_Problem to work on_.
Find the line containing "Transport Delay : TransportDelay", then output it and every line after it through the end of the listing below, exactly as written.

_Records for processing_.
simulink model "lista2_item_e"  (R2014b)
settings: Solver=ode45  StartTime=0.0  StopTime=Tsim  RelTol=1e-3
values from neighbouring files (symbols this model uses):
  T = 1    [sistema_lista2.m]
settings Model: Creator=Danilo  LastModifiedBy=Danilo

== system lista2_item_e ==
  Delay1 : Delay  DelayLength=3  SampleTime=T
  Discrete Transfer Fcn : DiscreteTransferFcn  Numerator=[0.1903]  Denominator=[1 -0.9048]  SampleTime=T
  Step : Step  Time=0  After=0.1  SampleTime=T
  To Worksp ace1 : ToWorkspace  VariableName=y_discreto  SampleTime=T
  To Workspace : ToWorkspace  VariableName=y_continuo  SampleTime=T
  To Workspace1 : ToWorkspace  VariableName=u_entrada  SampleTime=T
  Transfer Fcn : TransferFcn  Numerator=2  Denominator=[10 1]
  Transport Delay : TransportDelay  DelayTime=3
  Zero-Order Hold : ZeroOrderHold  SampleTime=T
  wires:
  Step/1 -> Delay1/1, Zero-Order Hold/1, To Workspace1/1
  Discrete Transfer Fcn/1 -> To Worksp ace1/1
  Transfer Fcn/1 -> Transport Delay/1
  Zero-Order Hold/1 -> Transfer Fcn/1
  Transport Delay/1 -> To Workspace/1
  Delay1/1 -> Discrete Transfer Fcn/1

_Answer to the exercise_.
  Transport Delay : TransportDelay  DelayTime=3
  Zero-Order Hold : ZeroOrderHold  SampleTime=T
  wires:
  Step/1 -> Delay1/1, Zero-Order Hold/1, To Workspace1/1
  Discrete Transfer Fcn/1 -> To Worksp ace1/1
  Transfer Fcn/1 -> Transport Delay/1
  Zero-Order Hold/1 -> Transfer Fcn/1
  Transport Delay/1 -> To Workspace/1
  Delay1/1 -> Discrete Transfer Fcn/1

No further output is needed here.